В другой раз осмелился сказать Секретову:
– Что ж ты ее, Петр Филиппыч, просвирками-то моришь?.. Ты-бы ей щец дал!..
IX. Настюша.
Настюша росла девочкой крепонькой, смуглой как вишенка, в постоянном смехе, как в цвету.
Детство свое помнила лет с шести: дядя Платон куклу подарил. Кукла была с фокусом, плакала и моргала, как и всякий настоящий человек. Недолговечны детские утехи. Вечерком распорола Настюша кукле животик, чтоб узнать фокус куклиной жизни. Там оказалась только пружинка да еще жестяной пищик, вонявший столярным клеем. Настюша пружинку вынула и на другой день сделала из нее просто проволочку, а куклу облила чаем, чтоб скрыть преступленье, и линялую, обесчещенную, подкинула матери под кровать. Из-под материной кровати не выметали, чтоб не тревожить больную. Да и какой от больного сор? больной – не живой!..
Никто и не заметил, а отцу не было никакого дела до Настиных поступков. «Расти, сколько в тебе росту хватит. Дал тебе жизнь, даю хлеб. Вот и пожалуйста!» – таков был неписанный договор между отцом и дочерью. У отца в то время ширились дела, требовали и воли, и глаза, и времени. Каждый винтик в общей машине хотел, чтоб и за ним присмотр да хлопоты были. И боялся Секретов обидеть невниманьем вещь, чтоб не напакостила потом.
Лишь в воскресные дни, садясь за стол, спрашивал, посмеиваясь:
– Ну, Настасья Петровна, как живете-можете, растете-матереете?
– Ничего, папенька... матереем! – деликатно пищала восьмилетняя Настасья Петровна.
Матери Настюша боялась, как страшного сна. Когда приводила ее к матери Матрена Симанна, стояла Настя робко, говорила тоненько, с трепетом ожидая липкого материна поцелуя.

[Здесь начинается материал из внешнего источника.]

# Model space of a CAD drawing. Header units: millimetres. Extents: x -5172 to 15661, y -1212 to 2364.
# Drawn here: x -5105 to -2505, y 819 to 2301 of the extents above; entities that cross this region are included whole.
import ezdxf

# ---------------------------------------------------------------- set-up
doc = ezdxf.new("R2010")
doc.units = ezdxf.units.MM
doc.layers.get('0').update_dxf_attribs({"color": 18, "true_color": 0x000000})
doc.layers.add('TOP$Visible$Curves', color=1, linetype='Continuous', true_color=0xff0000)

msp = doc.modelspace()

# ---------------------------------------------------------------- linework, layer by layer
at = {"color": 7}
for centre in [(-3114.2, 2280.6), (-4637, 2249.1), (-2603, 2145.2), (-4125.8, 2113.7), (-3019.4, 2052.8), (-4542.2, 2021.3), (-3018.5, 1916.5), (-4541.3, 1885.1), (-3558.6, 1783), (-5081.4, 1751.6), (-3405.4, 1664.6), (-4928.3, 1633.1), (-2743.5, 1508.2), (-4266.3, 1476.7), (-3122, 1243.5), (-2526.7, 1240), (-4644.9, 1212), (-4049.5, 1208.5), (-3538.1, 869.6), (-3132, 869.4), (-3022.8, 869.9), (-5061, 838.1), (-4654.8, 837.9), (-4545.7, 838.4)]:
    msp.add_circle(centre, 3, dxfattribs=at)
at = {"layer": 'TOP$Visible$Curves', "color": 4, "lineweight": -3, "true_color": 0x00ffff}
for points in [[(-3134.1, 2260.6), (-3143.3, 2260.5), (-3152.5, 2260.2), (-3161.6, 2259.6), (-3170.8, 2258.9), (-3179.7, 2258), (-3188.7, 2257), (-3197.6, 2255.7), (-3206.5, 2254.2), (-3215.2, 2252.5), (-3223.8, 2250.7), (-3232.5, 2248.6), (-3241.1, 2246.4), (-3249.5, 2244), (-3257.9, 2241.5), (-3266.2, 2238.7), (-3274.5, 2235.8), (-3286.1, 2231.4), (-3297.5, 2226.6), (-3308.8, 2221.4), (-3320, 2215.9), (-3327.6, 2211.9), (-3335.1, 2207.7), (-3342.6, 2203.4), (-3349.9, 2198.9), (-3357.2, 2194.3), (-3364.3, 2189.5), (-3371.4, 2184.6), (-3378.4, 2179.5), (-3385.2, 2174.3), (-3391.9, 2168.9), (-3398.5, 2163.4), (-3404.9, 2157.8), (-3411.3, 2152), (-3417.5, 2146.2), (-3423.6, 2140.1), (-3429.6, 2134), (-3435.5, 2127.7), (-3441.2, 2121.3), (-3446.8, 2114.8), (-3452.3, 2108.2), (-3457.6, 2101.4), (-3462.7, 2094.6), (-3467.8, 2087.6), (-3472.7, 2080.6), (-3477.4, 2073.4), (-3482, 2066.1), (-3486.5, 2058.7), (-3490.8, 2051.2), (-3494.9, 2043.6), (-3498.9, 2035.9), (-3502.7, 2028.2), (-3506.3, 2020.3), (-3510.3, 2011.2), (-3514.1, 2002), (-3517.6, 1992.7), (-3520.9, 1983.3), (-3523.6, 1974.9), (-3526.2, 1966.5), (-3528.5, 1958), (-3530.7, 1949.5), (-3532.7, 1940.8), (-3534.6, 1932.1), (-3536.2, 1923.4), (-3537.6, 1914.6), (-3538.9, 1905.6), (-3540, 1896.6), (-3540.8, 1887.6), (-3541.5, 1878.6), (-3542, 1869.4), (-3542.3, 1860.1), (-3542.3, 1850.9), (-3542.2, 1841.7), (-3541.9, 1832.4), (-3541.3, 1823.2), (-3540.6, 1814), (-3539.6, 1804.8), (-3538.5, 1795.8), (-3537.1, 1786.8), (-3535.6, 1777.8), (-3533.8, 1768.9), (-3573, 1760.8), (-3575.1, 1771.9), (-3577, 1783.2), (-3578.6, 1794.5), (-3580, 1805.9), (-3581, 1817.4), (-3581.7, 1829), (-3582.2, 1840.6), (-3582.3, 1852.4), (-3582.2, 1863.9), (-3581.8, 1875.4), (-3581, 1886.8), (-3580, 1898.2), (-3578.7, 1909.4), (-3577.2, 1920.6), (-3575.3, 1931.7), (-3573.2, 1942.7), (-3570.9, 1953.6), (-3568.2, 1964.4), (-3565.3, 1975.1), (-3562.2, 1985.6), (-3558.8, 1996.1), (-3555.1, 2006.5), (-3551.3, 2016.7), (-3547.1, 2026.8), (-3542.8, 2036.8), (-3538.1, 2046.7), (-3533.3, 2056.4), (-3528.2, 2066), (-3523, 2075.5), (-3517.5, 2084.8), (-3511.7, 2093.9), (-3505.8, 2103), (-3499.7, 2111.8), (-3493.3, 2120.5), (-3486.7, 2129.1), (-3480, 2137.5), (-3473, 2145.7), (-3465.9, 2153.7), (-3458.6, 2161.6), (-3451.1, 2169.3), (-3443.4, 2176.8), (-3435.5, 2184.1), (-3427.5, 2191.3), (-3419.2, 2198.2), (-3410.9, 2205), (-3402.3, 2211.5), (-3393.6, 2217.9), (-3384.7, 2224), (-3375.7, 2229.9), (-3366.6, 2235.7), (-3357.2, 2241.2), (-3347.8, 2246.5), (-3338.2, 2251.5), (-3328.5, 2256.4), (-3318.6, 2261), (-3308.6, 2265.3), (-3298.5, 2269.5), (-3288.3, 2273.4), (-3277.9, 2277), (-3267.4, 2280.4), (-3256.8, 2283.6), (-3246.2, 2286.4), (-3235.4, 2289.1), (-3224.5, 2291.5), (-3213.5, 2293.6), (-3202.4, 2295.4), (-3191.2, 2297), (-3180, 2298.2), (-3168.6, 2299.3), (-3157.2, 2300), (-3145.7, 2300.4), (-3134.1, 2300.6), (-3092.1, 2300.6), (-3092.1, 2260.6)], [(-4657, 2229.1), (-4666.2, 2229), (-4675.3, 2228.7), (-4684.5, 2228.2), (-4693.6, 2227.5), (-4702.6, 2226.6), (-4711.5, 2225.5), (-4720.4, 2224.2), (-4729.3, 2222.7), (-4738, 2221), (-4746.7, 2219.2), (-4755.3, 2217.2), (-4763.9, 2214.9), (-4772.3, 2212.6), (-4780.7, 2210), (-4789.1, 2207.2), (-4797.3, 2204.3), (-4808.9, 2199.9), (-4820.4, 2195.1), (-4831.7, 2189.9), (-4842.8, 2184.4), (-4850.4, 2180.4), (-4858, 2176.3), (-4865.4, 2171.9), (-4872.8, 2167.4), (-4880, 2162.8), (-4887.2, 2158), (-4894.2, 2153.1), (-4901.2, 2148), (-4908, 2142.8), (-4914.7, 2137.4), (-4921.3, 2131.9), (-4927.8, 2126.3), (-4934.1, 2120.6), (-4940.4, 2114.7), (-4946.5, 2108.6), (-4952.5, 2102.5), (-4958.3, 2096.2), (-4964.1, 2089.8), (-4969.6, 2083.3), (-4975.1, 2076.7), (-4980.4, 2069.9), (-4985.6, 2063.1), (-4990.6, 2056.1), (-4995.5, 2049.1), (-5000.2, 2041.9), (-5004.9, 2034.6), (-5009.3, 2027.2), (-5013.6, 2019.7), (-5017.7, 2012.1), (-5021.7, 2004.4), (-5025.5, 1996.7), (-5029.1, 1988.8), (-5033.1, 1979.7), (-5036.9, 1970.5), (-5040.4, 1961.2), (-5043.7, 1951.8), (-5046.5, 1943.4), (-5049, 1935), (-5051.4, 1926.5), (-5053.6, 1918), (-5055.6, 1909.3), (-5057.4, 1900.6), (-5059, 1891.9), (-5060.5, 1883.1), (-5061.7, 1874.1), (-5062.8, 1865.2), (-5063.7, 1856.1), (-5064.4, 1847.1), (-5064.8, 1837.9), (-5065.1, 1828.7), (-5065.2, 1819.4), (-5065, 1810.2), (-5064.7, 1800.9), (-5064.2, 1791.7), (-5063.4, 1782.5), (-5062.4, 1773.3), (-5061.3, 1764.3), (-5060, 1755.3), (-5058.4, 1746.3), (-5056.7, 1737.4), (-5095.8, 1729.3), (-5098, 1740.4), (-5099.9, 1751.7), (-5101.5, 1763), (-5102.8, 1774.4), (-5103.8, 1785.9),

Потом одевала, волнуясь и спеша, оборванную засаленную шубку и дырявый шерстяной платок, – вихреподобно уносилась на улицу. Дом ее пугал: там были жирные, грузные пироги, непонятная мать, толстощекая Матрена Симанна, жующая мятную лепешку для прохлажденья рта. – Тайком от самого баловалась Матрена Симанна винцом.
Так и росла Настюша на улице, без нянек и присмотров. Бегала с ребятами через Проломные ворота на реку, тонула однажды в проруби, дразнила вместе со всей ребячьей оравой извозчиков, татар, иззябших попугаев на шарманках у персов. Шумливая и загадочная, звала ее улица. Она сделала Настю бойкой. Тела ее, изворотливого и гибкого, никакой случайностью было не удивить... В городском училась – детскую мудрость срыву, по-мальчишечьи брала. Остальное время с мальчишками же вровень каталась на коньках вдоль кремлевского бульвара, скатывала снежных страшилищ: любопытно было наблюдать, как точит их и старит и к земле гнетет речной весенний ветр. То-то было шумно и буйно, непокорно и весело...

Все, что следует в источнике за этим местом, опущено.